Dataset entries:
..............................

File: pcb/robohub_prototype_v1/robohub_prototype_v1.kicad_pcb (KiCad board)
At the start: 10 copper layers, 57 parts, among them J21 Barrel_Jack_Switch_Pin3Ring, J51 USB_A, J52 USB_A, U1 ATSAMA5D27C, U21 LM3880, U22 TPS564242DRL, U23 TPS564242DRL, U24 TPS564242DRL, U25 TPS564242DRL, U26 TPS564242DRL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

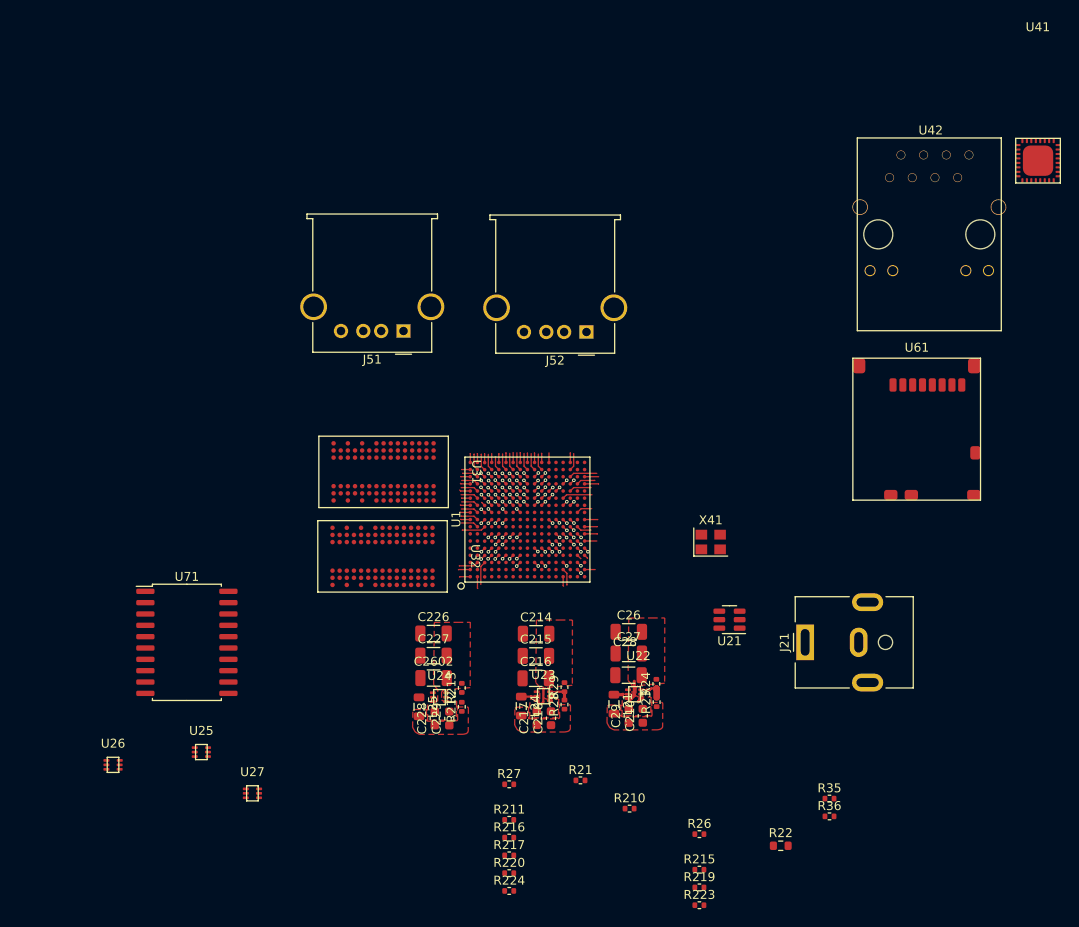
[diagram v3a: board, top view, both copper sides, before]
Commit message: Update paths for footprints top adjacent lib directory at above clone. Finish basic regulator layout/BOM. Link 3d STEPs into model. Rearrangle layout
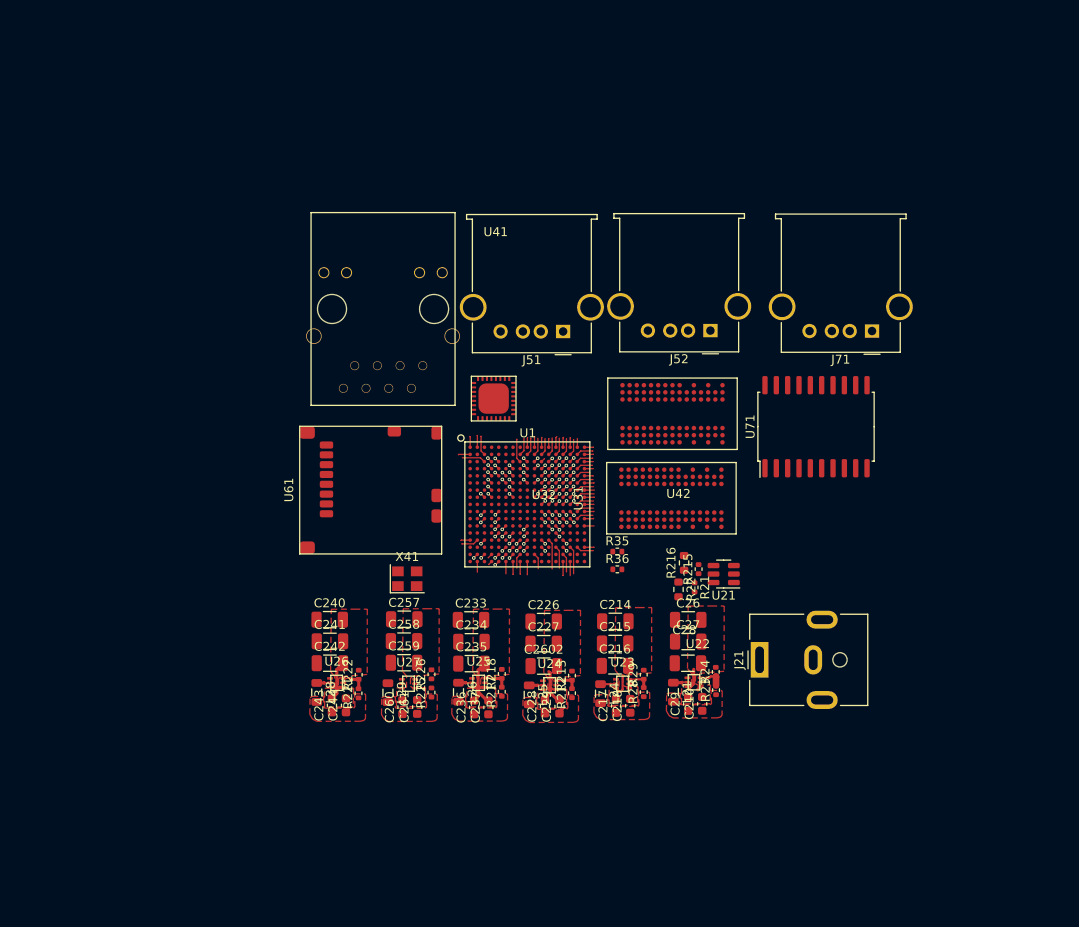
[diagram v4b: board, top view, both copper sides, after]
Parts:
- removed R210, R219, R223, R26: 100k, Resistor_SMD:R_0402_1005Metric
- removed R211, R220, R224, R27: 36.5k, Resistor_SMD:R_0402_1005Metric
- added C233: 10u, Capacitor_SMD:C_1206_3216Metric, F.Cu at (120.9, 105.4)
- added C234: 10u, Capacitor_SMD:C_1206_3216Metric, F.Cu at (121.0, 107.9)
- added C235: 0.1u, Capacitor_SMD:C_1206_3216Metric, F.Cu at (121.0, 110.3)
- added C236: 22u, Capacitor_SMD:C_0603_1608Metric, F.Cu at (121.3, 115.2)
- added C237: 22u, Capacitor_SMD:C_0603_1608Metric, F.Cu at (122.9, 115.2)
- added C240: 10u, Capacitor_SMD:C_1206_3216Metric, F.Cu at (105.1, 105.4)
- added C241: 10u, Capacitor_SMD:C_1206_3216Metric, F.Cu at (105.1, 107.8)
- added C242: 0.1u, Capacitor_SMD:C_1206_3216Metric, F.Cu at (105.1, 110.3)
- added C243: 22u, Capacitor_SMD:C_0603_1608Metric, F.Cu at (105.3, 115.0)
- added C244: 22u, Capacitor_SMD:C_0603_1608Metric, F.Cu at (106.9, 115.0)
- added C257: 10u, Capacitor_SMD:C_1206_3216Metric, F.Cu at (113.4, 105.4)
- added C258: 10u, Capacitor_SMD:C_1206_3216Metric, F.Cu at (113.4, 107.8)
- added C259: 0.1u, Capacitor_SMD:C_1206_3216Metric, F.Cu at (113.4, 110.2)
- added C260: 22u, Capacitor_SMD:C_0603_1608Metric, F.Cu at (113.2, 115.2)
- added C261: 22u, Capacitor_SMD:C_0603_1608Metric, F.Cu at (114.9, 115.2)
- added J71: USB_A, Connector_USB:USB_A_Molex_67643_Horizontal, F.Cu at (165.8, 73.1)
- added L26: 1u, Inductor_SMD:L_0805_2012Metric, F.Cu at (119.5, 113.5)
- added L28: 1u, Inductor_SMD:L_0805_2012Metric, F.Cu at (103.6, 113.6)
- added L29: 1u, Inductor_SMD:L_0805_2012Metric, F.Cu at (111.6, 113.6)
- added R218: 10k, Resistor_SMD:R_0402_1005Metric, F.Cu at (124.4, 111.5)
- added R221: 10k, Resistor_SMD:R_0402_1005Metric, F.Cu at (108.3, 113.7)
- added R222: 10k, Resistor_SMD:R_0402_1005Metric, F.Cu at (108.3, 111.6)
- added R225: 32k, Resistor_SMD:R_0402_1005Metric, F.Cu at (116.5, 113.6)
- added R226: 10k, Resistor_SMD:R_0402_1005Metric, F.Cu at (116.5, 111.5)
- L21, L24, L25: value 0.82u -> 2.2u
- R216: footprint Resistor_SMD:R_0402_1005Metric -> Resistor_SMD:R_0603_1608Metric
- moved U71 74.5 mm to (159.6, 83.8), turned to 90 degrees
- moved U41 66.5 mm to (123.5, 80.7)
- moved U42 61.7 mm to (111.1, 70.6), turned to 180 degrees
- moved U61 61.5 mm to (109.7, 90.9), turned to 90 degrees
- moved R216 36.5 mm to (144.8, 99.0), turned to 90 degrees
- moved R35 36.5 mm to (137.3, 97.8)
- moved R36 36.5 mm to (137.3, 99.8)
- moved U32 36.2 mm to (143.5, 82.3), turned to 90 degrees
- moved X41 34.2 mm to (113.8, 100.8)
- moved R215 33.7 mm to (146.4, 99.8), turned to 90 degrees
- moved U31 32.4 mm to (143.4, 91.8), turned to 90 degrees
- moved U25 32.0 mm to (121.8, 112.5)
- moved R22 30.9 mm to (144.2, 102.0), turned to -90 degrees
- moved U26 26.7 mm to (105.9, 112.5)
- moved R21 25.1 mm to (145.9, 101.8), turned to -90 degrees
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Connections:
- net Net-(U25-FB) renamed /Power Managment_2/VCC_1_2_FB
- R21 pad 2: /Power Managment_2/VCC_3A_EN -> /Power Managment_2/PS_GRP1_EN_DIV
- R215 pad 2: Net-(D24-K) -> /Power Managment_2/PS_GRP2_EN_DIV
- R216 pad 1: Net-(D24-K) -> /Power Managment_2/PS_GRP2_EN_DIV
- R22 pad 1: /Power Managment_2/VCC_3A_EN -> /Power Managment_2/PS_GRP1_EN_DIV
- U22 pad 5: /Power Managment_2/VCC_3A_EN -> /Power Managment_2/PS_GRP1_EN_DIV
- U23 pad 5: /Power Managment_2/VCC_3_3B_EN -> /Power Managment_2/PS_GRP1_EN_DIV
- U24 pad 5: /Power Managment_2/VCC_3_3C_EN -> /Power Managment_2/PS_GRP1_EN_DIV
- U25 pad 2: Net-(U25-SW) -> /Power Managment_2/VCC_1_2_SW
- U25 pad 5: Net-(D24-K) -> /Power Managment_2/PS_GRP2_EN_DIV
- U26 pad 2: Net-(U26-SW) -> /Power Managment_2/VCC_1_2_DDR_SW
- U26 pad 5: Net-(D25-K) -> /Power Managment_2/PS_GRP1_EN_DIV
- U26 pad 6: Net-(U26-FB) -> /Power Managment_2/VCC_1_2_DDR_FB
- U27 pad 5: Net-(D26-K) -> /Power Managment_2/PS_GRP2_EN_DIV
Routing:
- net GND: track 24.0 -> 44.4 mm
- net /Power Managment_2/VCC_1_2_DDR_FB: track 0.00 -> 2.84 mm
- net /Power Managment_2/VCC_1_2_FB: track 0.00 -> 2.82 mm
- net /Power Managment_2/VCC_3_3_C_FB: track 0.00 -> 2.71 mm
- net /Power Managment_2/VCC_3_3_C_SW: track 0.00 -> 1.56 mm
- net /Power Managment_2/VCC_1_2_SW: track 0.00 -> 1.53 mm
- net /Power Managment_2/VCC_1_2_DDR_SW: track 0.00 -> 1.49 mm
- added copper zone on F.Cu, net VCC_1_2
- added copper zone on F.Cu, net VCC_1_2_DDR
- added copper zone on F.Cu, net VCC_2_5
- added copper zone on F.Cu, net VCC_3_3_C

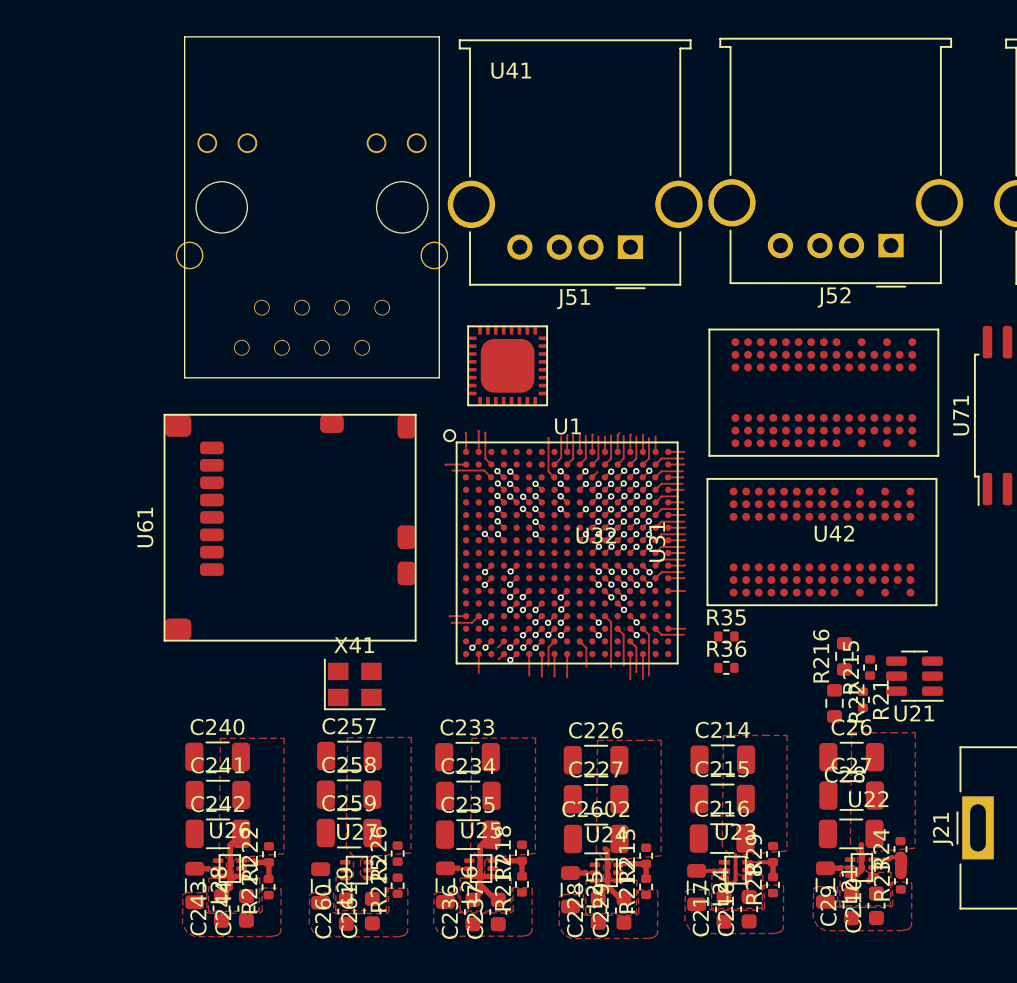
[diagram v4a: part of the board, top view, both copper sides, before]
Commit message: Add fuse to PCB design
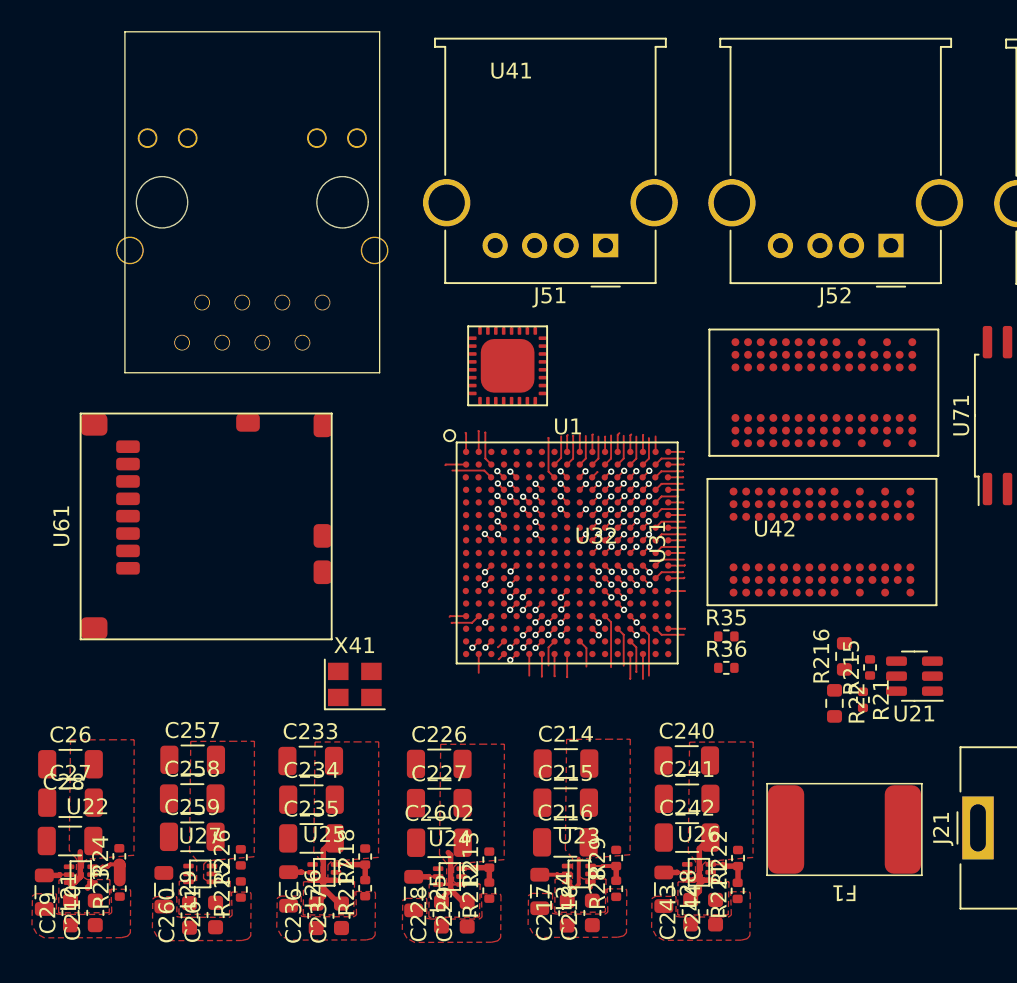
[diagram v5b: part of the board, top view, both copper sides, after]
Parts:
- added F1: Fuse, fryelabs_kicad_footprint_lib:0ZCF0050FF2C, F.Cu at (144.8, 110.0)
- moved C26 49.5 mm to (95.8, 105.9)
- moved C27 49.5 mm to (95.8, 108.3)
- moved C28 49.5 mm to (95.7, 110.7)
- moved C29 49.5 mm to (95.8, 115.3)
- moved C210 49.5 mm to (97.3, 115.3)
- moved L21 49.5 mm to (94.1, 114.0)
- moved R23 49.5 mm to (98.9, 113.8)
- moved R24 49.5 mm to (98.9, 111.7)
- moved U22 49.5 mm to (96.4, 112.9)
- moved C244 29.7 mm to (136.6, 115.2)
- moved C240 29.7 mm to (134.8, 105.6)
- moved C241 29.7 mm to (134.8, 108.1)
- moved C242 29.7 mm to (134.8, 110.5)
- moved C243 29.7 mm to (135.0, 115.2)
- moved L28 29.7 mm to (133.3, 113.8)
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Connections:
- J21 pad 1: 5V -> VCC

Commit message: Small updates to ACC signals for DDR2
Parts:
- R221: value 10k -> 20k
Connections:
- net VCC_1_2_DDR renamed VCC_1_8_DDR
- net VDDBU renamed VCC_3_3_A
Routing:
- removed copper zone on F.Cu, net VCC_1_8_DDR

..............................

WHAT YOU ARE ASKED TO DO: For this exercise, gather every line of the data that contains the word "both".

WORKED SOLUTION:
[diagram v3a: board, top view, both copper sides, before]
[diagram v4b: board, top view, both copper sides, after]
[diagram v4a: part of the board, top view, both copper sides, before]
[diagram v5b: part of the board, top view, both copper sides, after]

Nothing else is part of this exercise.